The current work in progress is focusing on file system based lock (OFD locks) that protects local images and NFS, but hasn't considered block based solutions like SANlock or SCSI reservation. Gluster and ceph are developing their own locking implementations which could be integrated (or even transparently beneficial) to QEMU in the future.
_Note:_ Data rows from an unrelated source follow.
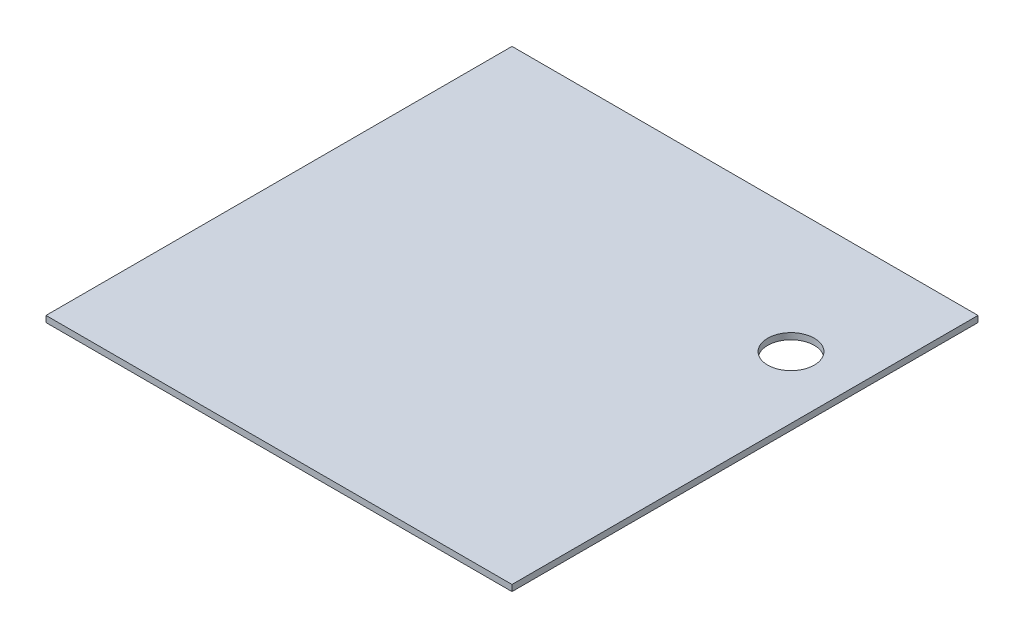
from build123d import *

# Parameters (mm, degrees)
SKETCH1_W           = 150
SKETCH1_H           = 150
BOSS_EXTRUDE1_DEPTH = 2
CUT_EXTRUDE1_REACH  = 4
SKETCH5_R           = 7.5


with BuildPart() as part:
    # Sketch1 → Boss-Extrude1 (new body)
    with BuildSketch(Plane(origin=(0, 0, 0), x_dir=(1, 0, 0), z_dir=(0, 1, 0))):
        Rectangle(SKETCH1_W, SKETCH1_H)
    extrude(amount=BOSS_EXTRUDE1_DEPTH)

    # Sketch5 → Cut-Extrude1 (cut, up to next)
    with BuildSketch(Plane(origin=(0, 2, 0), x_dir=(1, 0, 0), z_dir=(0, 1, 0)), mode=Mode.PRIVATE) as cut_extrude1_sk1:
        with Locations((55, 34.807)):
            Circle(SKETCH5_R)
    cut_extrude1_tool1 = extrude(cut_extrude1_sk1.sketch, amount=-CUT_EXTRUDE1_REACH, mode=Mode.PRIVATE) & part.part
    add(cut_extrude1_tool1.solids().sort_by_distance((55, 2, -34.807))[0], mode=Mode.SUBTRACT)


solid = part.part
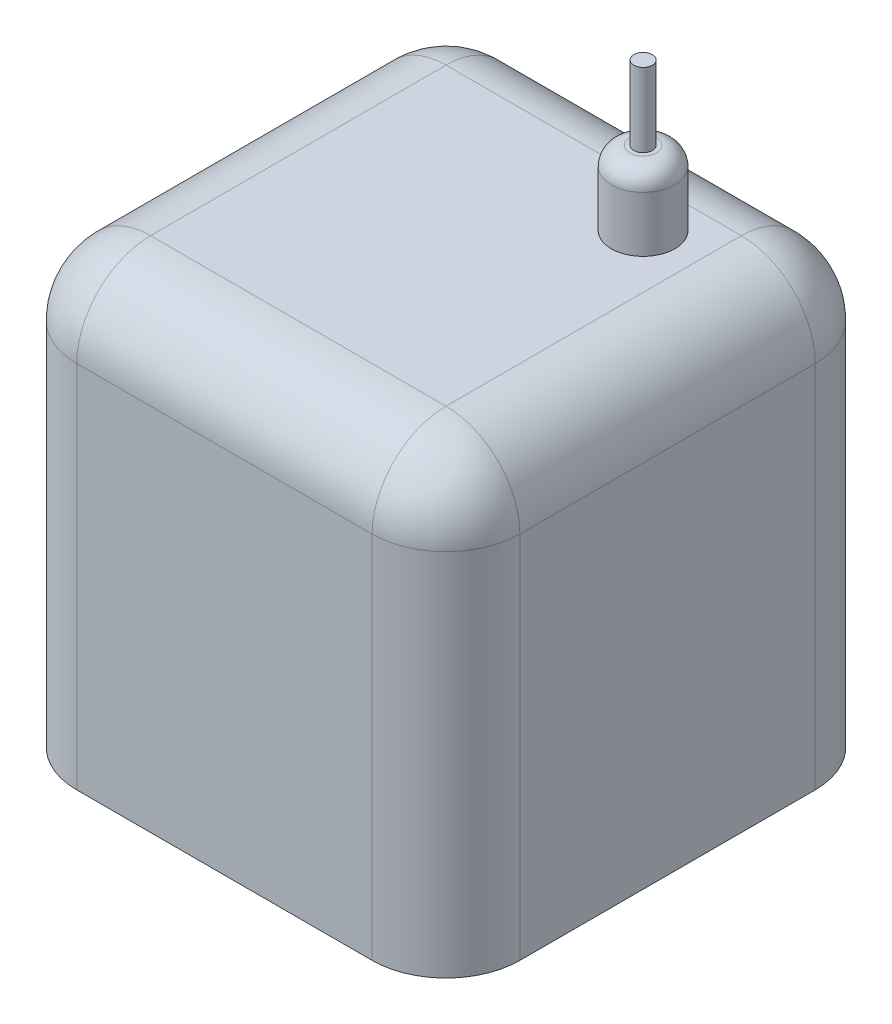
from build123d import *

# Parameters (mm, degrees)
SKETCH1_W           = 120
SKETCH1_H           = 120
BOSS_EXTRUDE1_DEPTH = 120
FILLET1_R           = 20
SKETCH4_R           = 8.6064573
BOSS_EXTRUDE4_DEPTH = 20
SKETCH5_R           = 2.5
BOSS_EXTRUDE5_DEPTH = 20
FILLET2_R           = 5


with BuildPart() as part:
    # Sketch1 → Boss-Extrude1 (new body)
    with BuildSketch(Plane(origin=(0, 0, 0), x_dir=(1, 0, 0), z_dir=(0, 1, 0))):
        with Locations((54, -46.284032095)):
            Rectangle(SKETCH1_W, SKETCH1_H)
    extrude(amount=BOSS_EXTRUDE1_DEPTH)

    # Fillet1
    fillet1_edges = [part.edges().sort_by_distance(p)[0] for p in [
        (-6, 120, 46.284032095),
        (54, 120, 106.284032095),
        (114, 120, 46.284032095),
        (54, 120, -13.715967905),
        (114, 60, 106.284032095),
        (-6, 60, 106.284032095),
        (-6, 60, -13.715967905),
        (114, 60, -13.715967905),
    ]]
    fillet(fillet1_edges, radius=FILLET1_R)

    # Sketch4 → Boss-Extrude4 (add)
    with BuildSketch(Plane(origin=(0, 120, 0), x_dir=(1, 0, 0), z_dir=(0, 1, 0))):
        with Locations((79.473330559, -18.374712085)):
            Circle(SKETCH4_R)
    extrude(amount=BOSS_EXTRUDE4_DEPTH)

    # Sketch5 → Boss-Extrude5 (add)
    with BuildSketch(Plane(origin=(0, 140, 0), x_dir=(1, 0, 0), z_dir=(0, 1, 0))):
        with Locations((79.473330559, -18.374712085)):
            Circle(SKETCH5_R)
    extrude(amount=BOSS_EXTRUDE5_DEPTH)

    # Fillet2
    fillet2_edges = [part.edges().sort_by_distance(p)[0] for p in [
        (70.866873258, 140, 18.374712085),
    ]]
    fillet(fillet2_edges, radius=FILLET2_R)


solid = part.part
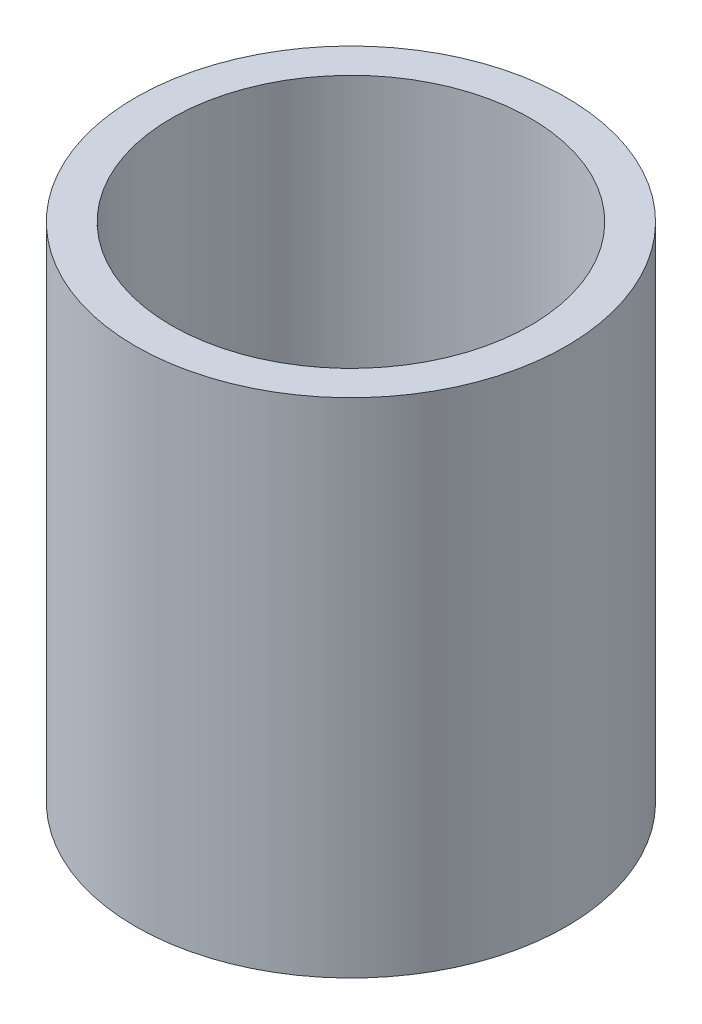
from build123d import *

# Parameters (mm, degrees)
SKETCH1_R           = 3
SKETCH1_R_2         = 2.5
BOSS_EXTRUDE1_DEPTH = 7


with BuildPart() as part:
    # Sketch1 → Boss-Extrude1 (new body)
    with BuildSketch(Plane(origin=(0, 0, 0), x_dir=(1, 0, 0), z_dir=(0, 1, 0))):
        Circle(SKETCH1_R)
        Circle(SKETCH1_R_2, mode=Mode.SUBTRACT)
    extrude(amount=BOSS_EXTRUDE1_DEPTH)


solid = part.part

--- Additional comment from Ademar Reis on 2017-02-13 12:41:15 BRST ---

(In reply to Martin Tessun from comment #9)
> (In reply to Fam Zheng from comment #8)
> > We deliberately want QEMU to lock the images by itself instead of relying on
> > libvirt or RHV, to protect manual invocation of QEMU commmands, such as
> > 'qemu-img snapshot' against an in-use qcow2 image, which is a very common
> > but dangerous misuse.
> > 
> 
> Ack. So does this also prevent to use this volume from another host that has
> access to the same block device where the image does live on?
> If not, I believe we are missing the most important usecase for RHV and OSP
> (let's say enterprise) installations, as these typically have more hosts
> that might access the image concurrently.
>

I fully agree and we have discussed this in the recent past, concluding that the only viable solution appears to be some sort of monitoring done by libvirt on all block devices being used by a VM:

    Bug 1337005 - Log event when a block device in use by a guest is open read-write by external applications

The bug description contains a good explanation for the motivation and the use-cases that it covers.

But we (libvirt) need to investigate and better research the idea and potential solutions.

--- Additional comment from Daniel Berrange on 2017-03-08 12:33:49 BRT ---

(In reply to Ademar Reis from comment #11)
> (In reply to Martin Tessun from comment #9)
> > (In reply to Fam Zheng from comment #8)
> > > We deliberately want QEMU to lock the images by itself instead of relying on
> > > libvirt or RHV, to protect manual invocation of QEMU commmands, such as
> > > 'qemu-img snapshot' against an in-use qcow2 image, which is a very common
> > > but dangerous misuse.
> > > 
> > 
> > Ack. So does this also prevent to use this volume from another host that has
> > access to the same block device where the image does live on?
> > If not, I believe we are missing the most important usecase for RHV and OSP
> > (let's say enterprise) installations, as these typically have more hosts
> > that might access the image concurrently.
> >
> 
> I fully agree and we have discussed this in the recent past, concluding that
> the only viable solution appears to be some sort of monitoring done by
> libvirt on all block devices being used by a VM:
> 
>     Bug 1337005 - Log event when a block device in use by a guest is open
> read-write by external applications
> 
> The bug description contains a good explanation for the motivation and the
> use-cases that it covers.
> 
> But we (libvirt) need to investigate and better research the idea and
> potential solutions.

Libvirt already has a framework for disk locking that can protect against concurrent access from multiple hosts. It has two plugins, one using sanlock, and one using virtlockd. The virtlockd daemon uses fcntl() locks, but does not have to apply them directly to the disk file. It can use a lock-aside lock file  based on some unique identifier. For example, you can mount an NFS vol at /var/lib/libvirt/lockspace, and use the SCSI  WWID or LVM UUID as the name of a lock file to create in that directory. This of course requires that all nodes in the cluster have that NFS vol mounted, but it is does not require high bandwidth data transfer for this volume. There is also scope for creating new plugins for libvirt to use other mechanism if someone comes up with other ideas.

Comment 1 Ademar Reis 2017-04-24 14:47:17 UTC
(In reply to Ademar Reis from comment #0)
> QEMU Image locking is being introduced but disabled by default (Bug
> 1378241). The plan is to enable it by default in a future release, hence
> this BZ.
> 

Turns out the QEMU locking mechanism requires F_OFD_* locks, not present in the RHEL-7.4 linux kernel.

So I'm closing this BZ and leaving only the original BZ, for a future release of  RHEL.